§ Your task: If a line holds an image, leave the image out; write out everything else in the records exactly.

§ Source information:
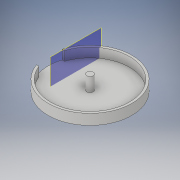
# Autodesk Inventor part: watchChargerBottom
Saved by Autodesk Inventor 2019 (Build 230136000, 136)
## iProperties
Created: 2019-12-08
Part Number: watchChargerBottom
Material: Generic
Document SubType Name: Modeling
Designer: Derek
Density: 1 g/cm^3
Appearance: Default
Author: Derek
Autodesk Inventor part; units mm, degrees
ref_plane "YZ Plane" through (0, 0, 0) normal (1, 0, 0) x (0, 1, 0)
ref_plane "XZ Plane" through (0, 0, 0) normal (0, 1, 0) x (-1, 0, 0)
ref_plane "XY Plane" through (0, 0, 0) normal (0, 0, 1) x (1, 0, 0)
sketch "Sketch1" plane through (0, 0, 0) normal (0, 1, 0) x (-1, 0, 0)
  circle A0 centre (0, 0) radius 18
  dimension "d1" = 36
  constraints: 1 centre point
  measures "d1" diameter of A0
extrude "Extrusion1" add sketch "Sketch1" along normal blind 2
sketch "Sketch2" plane through (0, 2, 0) normal (0, 1, 0) x (1, 0, 0)
  circle A0 centre (0, 0) radius 17
  dimension "d4" = 34
  constraints: 1 centre point, 1 coincident
  measures "d4" diameter of A0
extrude "Extrusion2" cut sketch "Sketch2" against normal blind 1.5
ref_plane "Work Plane1" through (-9.8347, 0.5, -3.688) normal (-1, 0, 0) x (0, 0, 1)
sketch "Sketch5" plane through (-9.8347, 0.5, -3.688) normal (-1, 0, 0) x (0, 0, 1)
  point P0 (3.688, -0.5)
ref_plane "Work Plane4" through (-9.8347, 0.5, -3.688) normal (-1, 0, 0) x (0, 0, 1)
sketch "Sketch6" plane through (-9.8347, 0.5, -3.688) normal (-1, 0, 0) x (0, 0, 1)
  line L0 (-13.312, 0) -> (20.688, 0) projected
  line L1 (21.688, 1.5) -> (-14.312, 1.5) projected
  line L2 (-1.5361, 0) -> (9.81, 0)
  line L3 (9.81, 0) -> (9.81, 1.5)
  line L4 (9.81, 1.5) -> (-1.5361, 1.5)
  line L5 (-1.5361, 1.5) -> (-1.5361, 0)
  point P0 (3.688, -0.5)
  constraints: 8 end point, 2 parallel, 2 point on line, 1 horizontal, 1 perpendicular
extrude "Extrusion4" cut sketch "Sketch6" along normal blind 15
sketch "Sketch8" plane through (0, 2, 0) normal (0, 1, 0) x (1, 0, 0)
  arc A0 (-16.9269, -6.122) -> (-17.2252, 5.2241) centre (0, 0) ccw projected
  line L0 (-15.8594, -6.122) -> (-16.9269, -6.122) projected
  line L1 (-16.9269, -6.122) -> (-15.8594, -6.122)
  arc A1 (-15.8594, -6.122) -> (-16.1774, 5.2241) centre (0, 0) ccw projected
  arc A2 (-15.8594, -6.122) -> (-16.1774, 5.2241) centre (0, 0) ccw
  arc A3 (-16.9269, -6.122) -> (-17.2252, 5.2241) centre (0, 0) ccw
  arc A4 (-17.2252, 5.2241) -> (-16.9269, -6.122) centre (0, 0) ccw projected
  line L2 (-16.1774, 5.2241) -> (-17.2252, 5.2241) projected
  line L3 (-17.2252, 5.2241) -> (-16.1774, 5.2241)
  constraints: 4 end point, 4 point on circle, 2 centre point, 2 concentric, 1 collinear, 1 horizontal
extrude "Extrusion5" add sketch "Sketch8" along normal blind 2.5 contours L0 A1 L2 A0
sketch "Sketch9" plane through (0, 0.5, 0) normal (0, 1, 0) x (1, 0, 0)
  circle A0 centre (0, 0) radius 1.3727
  constraints: 1 centre point, 1 coincident
extrude "Extrusion6" add sketch "Sketch9" along normal blind 6
body "Solid1"

§ Answer below:
# Autodesk Inventor part: watchChargerBottom
Saved by Autodesk Inventor 2019 (Build 230136000, 136)
## iProperties
Created: 2019-12-08
Part Number: watchChargerBottom
Material: Generic
Document SubType Name: Modeling
Designer: Derek
Density: 1 g/cm^3
Appearance: Default
Author: Derek
Autodesk Inventor part; units mm, degrees
ref_plane "YZ Plane" through (0, 0, 0) normal (1, 0, 0) x (0, 1, 0)
ref_plane "XZ Plane" through (0, 0, 0) normal (0, 1, 0) x (-1, 0, 0)
ref_plane "XY Plane" through (0, 0, 0) normal (0, 0, 1) x (1, 0, 0)
sketch "Sketch1" plane through (0, 0, 0) normal (0, 1, 0) x (-1, 0, 0)
  circle A0 centre (0, 0) radius 18
  dimension "d1" = 36
  constraints: 1 centre point
  measures "d1" diameter of A0
extrude "Extrusion1" add sketch "Sketch1" along normal blind 2
sketch "Sketch2" plane through (0, 2, 0) normal (0, 1, 0) x (1, 0, 0)
  circle A0 centre (0, 0) radius 17
  dimension "d4" = 34
  constraints: 1 centre point, 1 coincident
  measures "d4" diameter of A0
extrude "Extrusion2" cut sketch "Sketch2" against normal blind 1.5
ref_plane "Work Plane1" through (-9.8347, 0.5, -3.688) normal (-1, 0, 0) x (0, 0, 1)
sketch "Sketch5" plane through (-9.8347, 0.5, -3.688) normal (-1, 0, 0) x (0, 0, 1)
  point P0 (3.688, -0.5)
ref_plane "Work Plane4" through (-9.8347, 0.5, -3.688) normal (-1, 0, 0) x (0, 0, 1)
sketch "Sketch6" plane through (-9.8347, 0.5, -3.688) normal (-1, 0, 0) x (0, 0, 1)
  line L0 (-13.312, 0) -> (20.688, 0) projected
  line L1 (21.688, 1.5) -> (-14.312, 1.5) projected
  line L2 (-1.5361, 0) -> (9.81, 0)
  line L3 (9.81, 0) -> (9.81, 1.5)
  line L4 (9.81, 1.5) -> (-1.5361, 1.5)
  line L5 (-1.5361, 1.5) -> (-1.5361, 0)
  point P0 (3.688, -0.5)
  constraints: 8 end point, 2 parallel, 2 point on line, 1 horizontal, 1 perpendicular
extrude "Extrusion4" cut sketch "Sketch6" along normal blind 15
sketch "Sketch8" plane through (0, 2, 0) normal (0, 1, 0) x (1, 0, 0)
  arc A0 (-16.9269, -6.122) -> (-17.2252, 5.2241) centre (0, 0) ccw projected
  line L0 (-15.8594, -6.122) -> (-16.9269, -6.122) projected
  line L1 (-16.9269, -6.122) -> (-15.8594, -6.122)
  arc A1 (-15.8594, -6.122) -> (-16.1774, 5.2241) centre (0, 0) ccw projected
  arc A2 (-15.8594, -6.122) -> (-16.1774, 5.2241) centre (0, 0) ccw
  arc A3 (-16.9269, -6.122) -> (-17.2252, 5.2241) centre (0, 0) ccw
  arc A4 (-17.2252, 5.2241) -> (-16.9269, -6.122) centre (0, 0) ccw projected
  line L2 (-16.1774, 5.2241) -> (-17.2252, 5.2241) projected
  line L3 (-17.2252, 5.2241) -> (-16.1774, 5.2241)
  constraints: 4 end point, 4 point on circle, 2 centre point, 2 concentric, 1 collinear, 1 horizontal
extrude "Extrusion5" add sketch "Sketch8" along normal blind 2.5 contours L0 A1 L2 A0
sketch "Sketch9" plane through (0, 0.5, 0) normal (0, 1, 0) x (1, 0, 0)
  circle A0 centre (0, 0) radius 1.3727
  constraints: 1 centre point, 1 coincident
extrude "Extrusion6" add sketch "Sketch9" along normal blind 6
body "Solid1"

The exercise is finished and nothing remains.